Dovuto a questa costante emergenza territoriale, spesso rappresentata da numerosi cuccioli ritrovati per strada o nelle campagne, siamo testimoni del fenomeno conosciuto come “staffette”; ovvero la movimentazione di cani e gatti che dal Sud Italia vengono adottati al Nord, tramite l’intervento di associazioni e volontari.
Sia i randagi che i cani dei canili del Sud, isole comprese, vengono spediti al Nord tramite questo circuito, ma il finale non è sempre lieto.
Dobbiamo quindi considerare questo fenomeno come positivo in quanto favorisce le adozioni degli animali, o possiamo metterne in discussione le prassi?
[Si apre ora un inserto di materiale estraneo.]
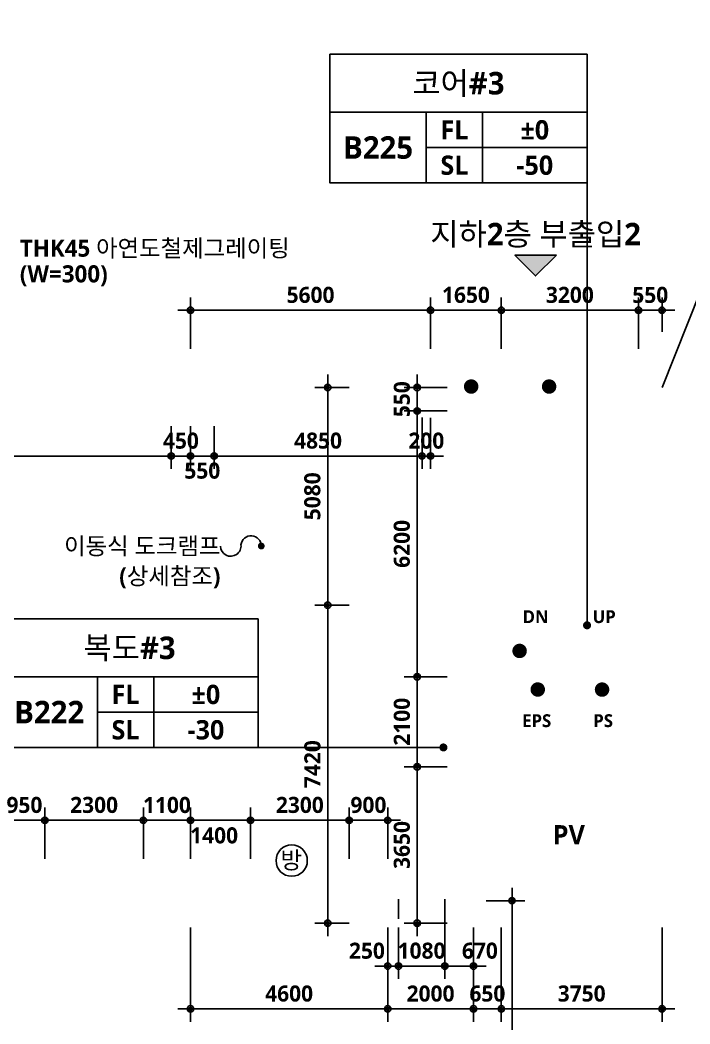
# Model space of a CAD drawing. Header units: millimetres. Extents: x -63924 to 190228206, y 0 to 456875599.
# Drawn here: x 146653 to 162280, y 69500 to 92921 of the extents above; entities that cross this region are included whole.
import ezdxf
from ezdxf.enums import TextEntityAlignment as Align

# ---------------------------------------------------------------- set-up
doc = ezdxf.new("R2010")
doc.units = ezdxf.units.MM
doc.header["$LTSCALE"] = 150
doc.header["$MEASUREMENT"] = 0
doc.header["$PDSIZE"] = -10
doc.layers.get('0').update_dxf_attribs({"linetype": 'CONTINUOUS'})
doc.layers.get('Defpoints').update_dxf_attribs({"color": 153, "linetype": 'CONTINUOUS'})
for name, color, linetype in [('A-ANNO-DIM', 4, 'CONTINUOUS'), ('A-ANNO-ENT', 1, 'CONTINUOUS'), ('A-ANNO-GRA1', 7, 'CONTINUOUS'), ('A-ANNO-LEAD', 4, 'CONTINUOUS'), ('A-ANNO-SYMB', 7, 'CONTINUOUS'), ('A-ANNO-TEXT1', 7, 'CONTINUOUS'), ('A-ANNO-TEXT2', 3, 'CONTINUOUS'), ('A-ANNO-TITL', 7, 'CONTINUOUS'), ('A-FLOR-MARK-ARCH', 1, 'CONTINUOUS')]:
    doc.layers.add(name, color=color, linetype=linetype)
doc.layers.add('Defpoint', color=161, linetype='CONTINUOUS', plot=False)
doc.styles.add('2020음성 1차', font='')
doc.styles.add('SH_나눔', font='')
doc.styles.add('SH_대대리576', font='')
doc.styles.add('SH_진천_나눔', font='')
doc.styles.get('2020음성 1차').set_extended_font_data('NanumGothic', bold=True)
doc.styles.get('SH_나눔').set_extended_font_data('NanumGothic', bold=True)
doc.styles.get('SH_대대리576').set_extended_font_data('NanumGothic', bold=True)
doc.styles.get('SH_진천_나눔').set_extended_font_data('NanumGothic', bold=True)
doc.dimstyles.new('SHP300내부', dxfattribs={"dimscale": 150, "dimtxt": 2.5, "dimasz": 1, "dimexe": 2, "dimexo": 2, "dimgap": 1, "dimtad": 1, "dimdec": 0, "dimzin": 0, "dimdsep": 46, "dimtxsty": 'SH_대대리576', "dimblk": 'DIMDOT', "dimcen": 0.09, "dimclrd": 256, "dimclre": 256, "dimclrt": 3, "dimadec": 0, "dimazin": 1, "dimtfac": 1, "dimtdec": 0, "dimtix": 1, "dimtmove": 2, "dimatfit": 0, "dimldrblk": 'DIMDOT', "dimfxl": 1, "dimtolj": 1, "dimtzin": 0, "dimlwd": -1, "dimlwe": -1, "dimarcsym": 0})

# ---------------------------------------------------------------- blocks, each defined once
blk = doc.blocks.new('DIMDOT')
at = {"color": 0}
blk.add_line((-2, 0), (2, 0), dxfattribs=at)
for radius in [0.5, 0.25]:
    blk.add_circle((0, 0), radius, dxfattribs=at)
blk = doc.blocks.new('*D199')
at = {"layer": 'A-ANNO-DIM', "transparency": 16777216}
for p, q in [((146280, 73350), (146280, 74550)), ((147230, 73350), (147230, 74550)), ((146130, 74250), (145980, 74250)), ((147230, 74250), (146280, 74250)), ((147380, 74250), (147530, 74250))]:
    blk.add_line(p, q, dxfattribs=at)
at = {"layer": 'Defpoints', "color": 0, "transparency": 16777216}
for p in [(146280, 74250), (146280, 73050), (147230, 73050)]:
    blk.add_point(p, dxfattribs=at)
at = {"layer": 'A-ANNO-DIM', "linetype": 'ByBlock', "transparency": 16777216, "xscale": 150, "yscale": 150, "zscale": 150}
blk.add_blockref('DIMDOT', (146280, 74250), dxfattribs=at)
at = {"layer": 'A-ANNO-DIM', "linetype": 'ByBlock', "transparency": 16777216, "xscale": 150, "yscale": 150, "zscale": 150, "rotation": 180}
blk.add_blockref('DIMDOT', (147230, 74250), dxfattribs=at)
at = {"layer": 'A-ANNO-DIM', "color": 3, "transparency": 16777216, "insert": (146755, 74607), "char_height": 375, "attachment_point": 5, "style": 'SH_대대리576'}
blk.add_mtext('\\A1;950', dxfattribs=at)
blk = doc.blocks.new('*D200')
at = {"layer": 'A-ANNO-DIM', "transparency": 16777216}
for p, q in [((147230, 73350), (147230, 74550)), ((149530, 73350), (149530, 74550)), ((149380, 74250), (147380, 74250))]:
    blk.add_line(p, q, dxfattribs=at)
at = {"layer": 'Defpoints', "color": 0, "transparency": 16777216}
for p in [(147230, 74250), (147230, 73050), (149530, 73050)]:
    blk.add_point(p, dxfattribs=at)
at = {"layer": 'A-ANNO-DIM', "linetype": 'ByBlock', "transparency": 16777216, "xscale": 150, "yscale": 150, "zscale": 150, "rotation": 180}
blk.add_blockref('DIMDOT', (147230, 74250), dxfattribs=at)
at = {"layer": 'A-ANNO-DIM', "linetype": 'ByBlock', "transparency": 16777216, "xscale": 150, "yscale": 150, "zscale": 150}
blk.add_blockref('DIMDOT', (149530, 74250), dxfattribs=at)
at = {"layer": 'A-ANNO-DIM', "color": 3, "transparency": 16777216, "insert": (148380, 74607), "char_height": 375, "attachment_point": 5, "style": 'SH_대대리576'}
blk.add_mtext('\\A1;2300', dxfattribs=at)
blk = doc.blocks.new('*D201')
at = {"layer": 'A-ANNO-DIM', "transparency": 16777216}
for p, q in [((149530, 73350), (149530, 74550)), ((150630, 73350), (150630, 74550)), ((149380, 74250), (149230, 74250)), ((149530, 74250), (150630, 74250)), ((150780, 74250), (150930, 74250))]:
    blk.add_line(p, q, dxfattribs=at)
at = {"layer": 'Defpoints', "color": 0, "transparency": 16777216}
for p in [(150630, 74250), (149530, 73050), (150630, 73050)]:
    blk.add_point(p, dxfattribs=at)
at = {"layer": 'A-ANNO-DIM', "linetype": 'ByBlock', "transparency": 16777216, "xscale": 150, "yscale": 150, "zscale": 150}
blk.add_blockref('DIMDOT', (149530, 74250), dxfattribs=at)
at = {"layer": 'A-ANNO-DIM', "linetype": 'ByBlock', "transparency": 16777216, "xscale": 150, "yscale": 150, "zscale": 150, "rotation": 180}
blk.add_blockref('DIMDOT', (150630, 74250), dxfattribs=at)
at = {"layer": 'A-ANNO-DIM', "color": 3, "transparency": 16777216, "insert": (150080, 74606), "char_height": 375, "attachment_point": 5, "style": 'SH_대대리576'}
blk.add_mtext('\\A1;1100', dxfattribs=at)
blk = doc.blocks.new('*D202')
at = {"layer": 'A-ANNO-DIM', "transparency": 16777216}
for p, q in [((150630, 73350), (150630, 74550)), ((152030, 73350), (152030, 74550)), ((150480, 74250), (150330, 74250)), ((150630, 74250), (152030, 74250)), ((152180, 74250), (152330, 74250))]:
    blk.add_line(p, q, dxfattribs=at)
at = {"layer": 'Defpoints', "color": 0, "transparency": 16777216}
for p in [(152030, 74250), (150630, 73050), (152030, 73050)]:
    blk.add_point(p, dxfattribs=at)
at = {"layer": 'A-ANNO-DIM', "linetype": 'ByBlock', "transparency": 16777216, "xscale": 150, "yscale": 150, "zscale": 150}
blk.add_blockref('DIMDOT', (150630, 74250), dxfattribs=at)
at = {"layer": 'A-ANNO-DIM', "linetype": 'ByBlock', "transparency": 16777216, "xscale": 150, "yscale": 150, "zscale": 150, "rotation": 180}
blk.add_blockref('DIMDOT', (152030, 74250), dxfattribs=at)
at = {"layer": 'A-ANNO-DIM', "color": 3, "transparency": 16777216, "insert": (151180, 73897), "char_height": 375, "attachment_point": 5, "style": 'SH_대대리576'}
blk.add_mtext('\\A1;1400', dxfattribs=at)
blk = doc.blocks.new('*D203')
at = {"layer": 'A-ANNO-DIM', "transparency": 16777216}
for p, q in [((152030, 73350), (152030, 74550)), ((154330, 73350), (154330, 74550)), ((154180, 74250), (152180, 74250))]:
    blk.add_line(p, q, dxfattribs=at)
at = {"layer": 'Defpoints', "color": 0, "transparency": 16777216}
for p in [(152030, 74250), (152030, 73050), (154330, 73050)]:
    blk.add_point(p, dxfattribs=at)
at = {"layer": 'A-ANNO-DIM', "linetype": 'ByBlock', "transparency": 16777216, "xscale": 150, "yscale": 150, "zscale": 150, "rotation": 180}
blk.add_blockref('DIMDOT', (152030, 74250), dxfattribs=at)
at = {"layer": 'A-ANNO-DIM', "linetype": 'ByBlock', "transparency": 16777216, "xscale": 150, "yscale": 150, "zscale": 150}
blk.add_blockref('DIMDOT', (154330, 74250), dxfattribs=at)
at = {"layer": 'A-ANNO-DIM', "color": 3, "transparency": 16777216, "insert": (153180, 74607), "char_height": 375, "attachment_point": 5, "style": 'SH_대대리576'}
blk.add_mtext('\\A1;2300', dxfattribs=at)
blk = doc.blocks.new('*D204')
at = {"layer": 'A-ANNO-DIM', "transparency": 16777216}
for p, q in [((154330, 73350), (154330, 74550)), ((155230, 73350), (155230, 74550)), ((154180, 74250), (154030, 74250)), ((154330, 74250), (155230, 74250)), ((155380, 74250), (155530, 74250))]:
    blk.add_line(p, q, dxfattribs=at)
at = {"layer": 'Defpoints', "color": 0, "transparency": 16777216}
for p in [(155230, 74250), (154330, 73050), (155230, 73050)]:
    blk.add_point(p, dxfattribs=at)
at = {"layer": 'A-ANNO-DIM', "linetype": 'ByBlock', "transparency": 16777216, "xscale": 150, "yscale": 150, "zscale": 150}
blk.add_blockref('DIMDOT', (154330, 74250), dxfattribs=at)
at = {"layer": 'A-ANNO-DIM', "linetype": 'ByBlock', "transparency": 16777216, "xscale": 150, "yscale": 150, "zscale": 150, "rotation": 180}
blk.add_blockref('DIMDOT', (155230, 74250), dxfattribs=at)
at = {"layer": 'A-ANNO-DIM', "color": 3, "transparency": 16777216, "insert": (154780, 74607), "char_height": 375, "attachment_point": 5, "style": 'SH_대대리576'}
blk.add_mtext('\\A1;900', dxfattribs=at)
blk = doc.blocks.new('*D347')
at = {"layer": 'A-ANNO-DIM', "transparency": 16777216}
blk.add_arc((161630, 38850), 1837, 94.6792, 221.5938, dxfattribs=at)
at = {"layer": 'Defpoints', "color": 0, "transparency": 16777216}
for p in [(161630, 83950), (168630, 46168), (160321, 40139), (144057, 20479), (161630, 20479)]:
    blk.add_point(p, dxfattribs=at)
at = {"layer": 'A-ANNO-DIM', "linetype": 'ByBlock', "transparency": 16777216, "xscale": 150, "yscale": 150, "zscale": 150}
for p, rotation in [((161630, 40687), 2.33959535530861), ((160360, 37522), 313.9334346647093)]:
    blk.add_blockref('DIMDOT', p, dxfattribs=dict(at, rotation=rotation))
at = {"layer": 'A-ANNO-DIM', "color": 3, "transparency": 16777216, "insert": (159587, 39670), "char_height": 375, "attachment_point": 5, "rotation": 68.1365, "style": 'SH_대대리576'}
blk.add_mtext('\\A1;136%%d', dxfattribs=at)
blk = doc.blocks.new('*D457')
at = {"layer": 'A-ANNO-DIM', "transparency": 16777216}
for p, q in [((161080, 85650), (161080, 86450)), ((161630, 85650), (161630, 86450)), ((160930, 86150), (160780, 86150)), ((161630, 86150), (161080, 86150)), ((161780, 86150), (161930, 86150))]:
    blk.add_line(p, q, dxfattribs=at)
at = {"layer": 'Defpoints', "color": 0, "transparency": 16777216}
for p in [(161080, 86150), (161080, 85350), (161630, 85350)]:
    blk.add_point(p, dxfattribs=at)
at = {"layer": 'A-ANNO-DIM', "linetype": 'ByBlock', "transparency": 16777216, "xscale": 150, "yscale": 150, "zscale": 150}
blk.add_blockref('DIMDOT', (161080, 86150), dxfattribs=at)
at = {"layer": 'A-ANNO-DIM', "linetype": 'ByBlock', "transparency": 16777216, "xscale": 150, "yscale": 150, "zscale": 150, "rotation": 180}
blk.add_blockref('DIMDOT', (161630, 86150), dxfattribs=at)
at = {"layer": 'A-ANNO-DIM', "color": 3, "transparency": 16777216, "insert": (161355, 86506), "char_height": 375, "attachment_point": 5, "style": 'SH_대대리576'}
blk.add_mtext('\\A1;550', dxfattribs=at)
blk = doc.blocks.new('*D458')
at = {"layer": 'A-ANNO-DIM', "transparency": 16777216}
for p, q in [((157880, 85250), (157880, 86450)), ((161080, 85250), (161080, 86450)), ((158030, 86150), (160930, 86150))]:
    blk.add_line(p, q, dxfattribs=at)
at = {"layer": 'Defpoints', "color": 0, "transparency": 16777216}
for p in [(161080, 86150), (157880, 84950), (161080, 84950)]:
    blk.add_point(p, dxfattribs=at)
at = {"layer": 'A-ANNO-DIM', "linetype": 'ByBlock', "transparency": 16777216, "xscale": 150, "yscale": 150, "zscale": 150, "rotation": 180}
blk.add_blockref('DIMDOT', (157880, 86150), dxfattribs=at)
at = {"layer": 'A-ANNO-DIM', "linetype": 'ByBlock', "transparency": 16777216, "xscale": 150, "yscale": 150, "zscale": 150}
blk.add_blockref('DIMDOT', (161080, 86150), dxfattribs=at)
at = {"layer": 'A-ANNO-DIM', "color": 3, "transparency": 16777216, "insert": (159480, 86507), "char_height": 375, "attachment_point": 5, "style": 'SH_대대리576'}
blk.add_mtext('\\A1;3200', dxfattribs=at)
blk = doc.blocks.new('*D459')
at = {"layer": 'A-ANNO-DIM', "transparency": 16777216}
for p, q in [((156230, 85250), (156230, 86450)), ((157880, 85250), (157880, 86450)), ((157730, 86150), (156380, 86150))]:
    blk.add_line(p, q, dxfattribs=at)
at = {"layer": 'Defpoints', "color": 0, "transparency": 16777216}
for p in [(156230, 86150), (156230, 84950), (157880, 84950)]:
    blk.add_point(p, dxfattribs=at)
at = {"layer": 'A-ANNO-DIM', "linetype": 'ByBlock', "transparency": 16777216, "xscale": 150, "yscale": 150, "zscale": 150, "rotation": 180}
blk.add_blockref('DIMDOT', (156230, 86150), dxfattribs=at)
at = {"layer": 'A-ANNO-DIM', "linetype": 'ByBlock', "transparency": 16777216, "xscale": 150, "yscale": 150, "zscale": 150}
blk.add_blockref('DIMDOT', (157880, 86150), dxfattribs=at)
at = {"layer": 'A-ANNO-DIM', "color": 3, "transparency": 16777216, "insert": (157055, 86507), "char_height": 375, "attachment_point": 5, "style": 'SH_대대리576'}
blk.add_mtext('\\A1;1650', dxfattribs=at)
blk = doc.blocks.new('*D460')
at = {"layer": 'A-ANNO-DIM', "transparency": 16777216}
for p, q in [((150630, 85250), (150630, 86450)), ((156230, 85250), (156230, 86450)), ((150780, 86150), (156080, 86150))]:
    blk.add_line(p, q, dxfattribs=at)
at = {"layer": 'Defpoints', "color": 0, "transparency": 16777216}
for p in [(156230, 86150), (150630, 84950), (156230, 84950)]:
    blk.add_point(p, dxfattribs=at)
at = {"layer": 'A-ANNO-DIM', "linetype": 'ByBlock', "transparency": 16777216, "xscale": 150, "yscale": 150, "zscale": 150, "rotation": 180}
blk.add_blockref('DIMDOT', (150630, 86150), dxfattribs=at)
at = {"layer": 'A-ANNO-DIM', "linetype": 'ByBlock', "transparency": 16777216, "xscale": 150, "yscale": 150, "zscale": 150}
blk.add_blockref('DIMDOT', (156230, 86150), dxfattribs=at)
at = {"layer": 'A-ANNO-DIM', "color": 3, "transparency": 16777216, "insert": (153430, 86507), "char_height": 375, "attachment_point": 5, "style": 'SH_대대리576'}
blk.add_mtext('\\A1;5600', dxfattribs=at)
blk = doc.blocks.new('*D461')
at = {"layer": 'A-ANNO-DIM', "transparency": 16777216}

Le problematiche del fenomeno delle staffette
A maggio 2021 Kodami ha trattato questo tema nell’inchiesta “Staffette: dall’amore al business delle adozioni” che ha messo in evidenza l’imponenza del fenomeno e le problematiche che lo caratterizzano.
La totale assenza di tracciabilità delle movimentazioni di questi animali e dei mezzi che li trasportano non permette una stima realistica ed ufficiale del fenomeno. Luca Spennacchio, istruttore cinofilo e membro del comitato scientifico di Kodami, nell’intervista ci parla di circa 48 mila animali l’anno; circa 30 furgoni alla settimana, che trasportano circa 1.000 animali. Numeri davvero impressionanti.
Gli animali sono trasportati in gruppi variabili, fino ad arrivare a 30-40 individui stipati in un furgone e che viaggiano su tragitti lunghissimi fatti di numerose tappe intermedie, con l’ultimo animale da consegnare che può arrivare a passare una quantità di ore inestimabili chiuso nella gabbia del furgone.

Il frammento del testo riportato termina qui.